Is there a more elegant way of proving $\langle (1,2)(3,4), (1,2,3,4,5) \rangle = A_5$

I'm trying to show the following

$\langle (1,2)(3,4), (1,2,3,4,5) \rangle = A_5$

I managed to prove this but I think my solution is very inelegant. Here's my argument

let $J = \langle (1,2)(3,4), (1,2,3,4,5) \rangle,$ then $\lvert J \rvert \geq 8$ and $\lvert J \rvert$ divides $\lvert A_5 \rvert = 60,$ so the possibilities are

$\lvert J \rvert = 10, 12, 15, 20, 30, 60$.

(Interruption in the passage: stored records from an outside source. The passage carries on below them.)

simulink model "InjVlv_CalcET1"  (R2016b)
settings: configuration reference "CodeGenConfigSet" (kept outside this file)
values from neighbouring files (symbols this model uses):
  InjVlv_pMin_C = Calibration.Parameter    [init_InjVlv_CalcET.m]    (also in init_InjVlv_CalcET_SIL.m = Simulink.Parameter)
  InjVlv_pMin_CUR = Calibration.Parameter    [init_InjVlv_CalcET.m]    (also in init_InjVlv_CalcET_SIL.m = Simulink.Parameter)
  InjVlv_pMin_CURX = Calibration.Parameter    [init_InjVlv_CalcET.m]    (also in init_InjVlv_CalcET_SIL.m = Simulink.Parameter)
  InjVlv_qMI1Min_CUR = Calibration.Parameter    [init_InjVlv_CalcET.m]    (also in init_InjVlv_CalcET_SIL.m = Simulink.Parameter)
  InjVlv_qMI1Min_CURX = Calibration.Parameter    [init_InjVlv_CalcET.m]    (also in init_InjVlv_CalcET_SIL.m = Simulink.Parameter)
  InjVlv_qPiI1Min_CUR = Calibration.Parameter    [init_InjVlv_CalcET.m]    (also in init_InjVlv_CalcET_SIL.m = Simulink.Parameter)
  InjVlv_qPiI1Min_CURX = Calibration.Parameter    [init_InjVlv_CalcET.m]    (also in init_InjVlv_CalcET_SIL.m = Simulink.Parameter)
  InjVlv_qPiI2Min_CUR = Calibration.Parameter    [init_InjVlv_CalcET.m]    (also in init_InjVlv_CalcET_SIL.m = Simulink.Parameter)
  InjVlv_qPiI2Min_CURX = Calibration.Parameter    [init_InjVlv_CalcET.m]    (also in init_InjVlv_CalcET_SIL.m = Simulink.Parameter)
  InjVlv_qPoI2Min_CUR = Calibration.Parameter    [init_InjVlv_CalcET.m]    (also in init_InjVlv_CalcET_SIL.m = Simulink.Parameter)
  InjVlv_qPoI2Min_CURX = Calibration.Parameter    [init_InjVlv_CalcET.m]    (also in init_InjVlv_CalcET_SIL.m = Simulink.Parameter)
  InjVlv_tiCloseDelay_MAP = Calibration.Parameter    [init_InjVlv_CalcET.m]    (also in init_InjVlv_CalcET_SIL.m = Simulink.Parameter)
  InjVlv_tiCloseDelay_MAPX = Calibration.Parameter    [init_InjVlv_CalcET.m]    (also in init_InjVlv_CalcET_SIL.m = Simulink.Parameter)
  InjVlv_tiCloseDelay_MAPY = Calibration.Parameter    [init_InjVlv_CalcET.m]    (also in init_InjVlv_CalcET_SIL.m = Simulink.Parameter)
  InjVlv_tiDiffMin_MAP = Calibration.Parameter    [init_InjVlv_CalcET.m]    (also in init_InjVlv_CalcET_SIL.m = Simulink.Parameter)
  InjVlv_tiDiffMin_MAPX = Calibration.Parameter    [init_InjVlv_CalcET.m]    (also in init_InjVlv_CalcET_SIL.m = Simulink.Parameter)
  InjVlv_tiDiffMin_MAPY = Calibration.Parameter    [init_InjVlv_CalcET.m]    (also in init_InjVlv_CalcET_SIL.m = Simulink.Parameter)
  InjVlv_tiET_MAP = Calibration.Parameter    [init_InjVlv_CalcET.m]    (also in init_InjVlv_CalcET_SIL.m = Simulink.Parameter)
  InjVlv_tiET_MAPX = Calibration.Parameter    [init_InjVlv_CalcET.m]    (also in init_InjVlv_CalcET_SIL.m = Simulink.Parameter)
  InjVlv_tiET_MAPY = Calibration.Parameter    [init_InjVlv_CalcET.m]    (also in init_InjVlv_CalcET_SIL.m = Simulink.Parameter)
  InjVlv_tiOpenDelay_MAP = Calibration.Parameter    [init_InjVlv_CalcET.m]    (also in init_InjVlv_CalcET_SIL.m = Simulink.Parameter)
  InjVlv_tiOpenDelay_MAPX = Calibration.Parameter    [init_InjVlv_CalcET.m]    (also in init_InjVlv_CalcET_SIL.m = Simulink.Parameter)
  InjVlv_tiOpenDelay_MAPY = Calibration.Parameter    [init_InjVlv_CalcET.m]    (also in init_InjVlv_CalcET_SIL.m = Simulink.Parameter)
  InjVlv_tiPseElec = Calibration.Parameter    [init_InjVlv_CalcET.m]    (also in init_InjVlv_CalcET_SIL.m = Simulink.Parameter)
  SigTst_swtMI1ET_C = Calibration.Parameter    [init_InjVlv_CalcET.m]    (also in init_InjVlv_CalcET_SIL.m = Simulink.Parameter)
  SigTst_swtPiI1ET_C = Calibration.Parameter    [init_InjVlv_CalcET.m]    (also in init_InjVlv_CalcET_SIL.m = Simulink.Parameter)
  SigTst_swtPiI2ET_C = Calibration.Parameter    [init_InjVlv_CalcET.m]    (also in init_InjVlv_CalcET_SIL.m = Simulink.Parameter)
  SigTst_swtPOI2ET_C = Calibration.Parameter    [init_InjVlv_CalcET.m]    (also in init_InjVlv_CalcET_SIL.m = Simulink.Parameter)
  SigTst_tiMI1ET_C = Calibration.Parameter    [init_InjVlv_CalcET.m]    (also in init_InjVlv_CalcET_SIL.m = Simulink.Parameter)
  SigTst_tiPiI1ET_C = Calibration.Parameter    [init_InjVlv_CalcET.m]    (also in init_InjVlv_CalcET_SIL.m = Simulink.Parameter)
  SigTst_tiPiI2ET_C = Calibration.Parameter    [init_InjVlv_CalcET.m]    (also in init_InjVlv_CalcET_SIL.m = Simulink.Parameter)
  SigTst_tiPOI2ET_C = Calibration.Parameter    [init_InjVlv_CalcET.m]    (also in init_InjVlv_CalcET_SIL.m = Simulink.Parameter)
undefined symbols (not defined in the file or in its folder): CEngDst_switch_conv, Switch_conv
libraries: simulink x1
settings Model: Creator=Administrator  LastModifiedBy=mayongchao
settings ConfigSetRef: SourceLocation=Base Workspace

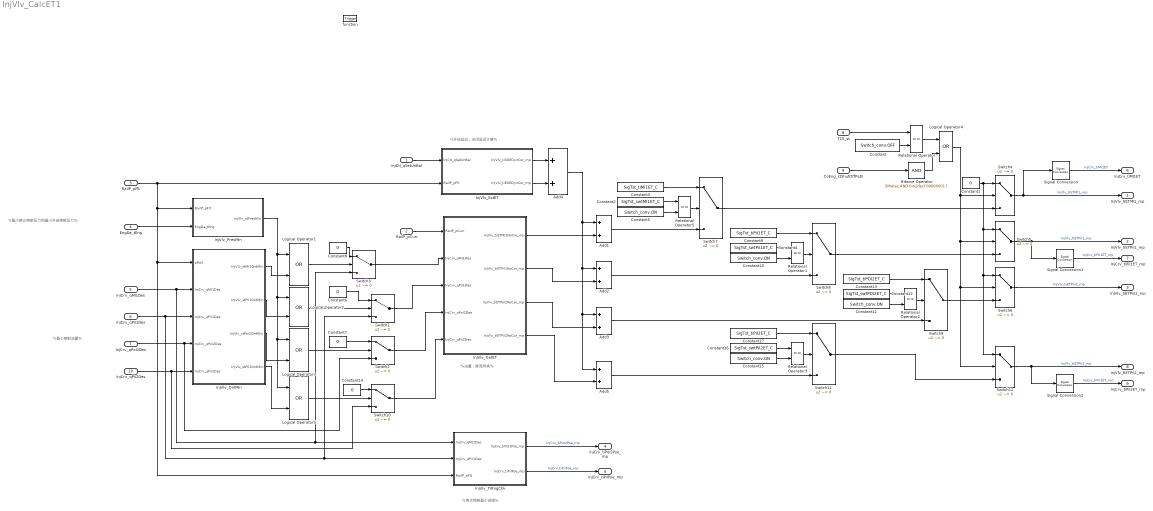
== system InjVlv_CalcET1 ==
  note: %两次喷射最小间隔%
  note: %最小喷射油量%
  note: %最小禁止喷射压力和最小开启喷射压力%
  note: %油量，脉宽转换%
  note: %开启延迟，关闭延迟计算%
  InjCtl_qSetUnBal : Inport  Tag=mg/hub  Description=Current injection quantity  OutMin=-319  OutMax=319  OutDataTypeStr=FuelMass_mg_hub
  RailP_pCurr : Inport  Tag=bar  Description=Current fuel pressure  Port=2  OutMin=0  OutMax=2500  OutDataTypeStr=RailPressure_bar
  RailP_pFlt : Inport  Tag=bar  Description=Maximum rail pressure of the last 10 sampling cycle  Port=3  OutMin=0  OutMax=2500  OutDataTypeStr=RailPressure_bar
  EngDa_tEng : Inport  Tag=deg  Description=Engine temperature  Port=4  OutMin=-1000  OutMax=1000  OutDataTypeStr=Temp_deg
  InjCrv_qMI1Des : Inport  Tag=mg/hub  Description=desired MI1 injection quantity  Port=5  OutMin=-319  OutMax=319  OutDataTypeStr=FuelMass_mg_hub
  InjCrv_qPiI1Des : Inport  Tag=mg/hub  Description=Desired PiI injection quantity  Port=6  OutMin=-319  OutMax=319  OutDataTypeStr=FuelMass_mg_hub
  InjCrv_qPoI2Des : Inport  Tag=mg/hub  Description=Desired PoI2 injection quantity  Port=7  OutMin=-319  OutMax=319  OutDataTypeStr=FuelMass_mg_hub
  T15_st : Inport  Description=Terminal 15 status after debouncing  Port=8  OutDataTypeStr=Enum: Switch_conv
  CoEng_stShutOffPath : Inport  Description=Active shut-off paths resulting from active reversible,irreversible and afterrun shut-off paths  Port=9  OutMin=0  OutMax=65535  OutDataTypeStr=State_uint16
  InjCrv_qPiI2Des : Inport  Tag=mg/hub  Description=Desired PiI injection quantity  Port=10  OutMin=-319  OutMax=319  OutDataTypeStr=FuelMass_mg_hub
  function : TriggerPort  TriggerType=function-call  VariantControl=Variant
  Add{1..5} (5 alike) : Sum  OutDataTypeStr=Inherit: Inherit via back propagation  SaturateOnIntegerOverflow=on  InputSameDT=on
  Bitwise Operator : simulink/Logic and Bit Operations/Bitwise Operator  logicop=AND  UseBitMask=on  BitMask=bin2dec('00000001')  BitMaskRealWorld=Stored Integer
  Constant : Constant  Value=Switch_conv.OFF
  Constant{1,6..8,14} (5 alike) : Constant  Value=0  OutDataTypeStr=Inherit: Inherit via back propagation
  Constant{5,10..11,15} (4 alike) : Constant  Value=Switch_conv.ON  OutDataTypeStr=Inherit: Inherit via back propagation
  Constant12 : Constant  Value=SigTst_swtPOI2ET_C  SampleTime=-1
  Constant13 : Constant  Value=SigTst_tiPOI2ET_C  SampleTime=-1
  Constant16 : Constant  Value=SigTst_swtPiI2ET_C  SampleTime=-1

Then I sat down and calculated 13 more elements of $J$, so now the possibilities are $\lvert J \rvert = 30$ or $60$. But we can't have $\lvert J \rvert = 30$ because then $J$ would be normal (index 2 theorem) which would contradict $A_5$ being simple, so we must have $J = A_5$.

The calculation part make this proof quite long winded, is there a simpler way of getting the result?

Solution 1:

As a more elementary approach $H=<(1 2)(3 4),(1 2 3 4 5)>$ contains an element of order 2, and element of order 5 and an element of order 3 (the product of the two generators).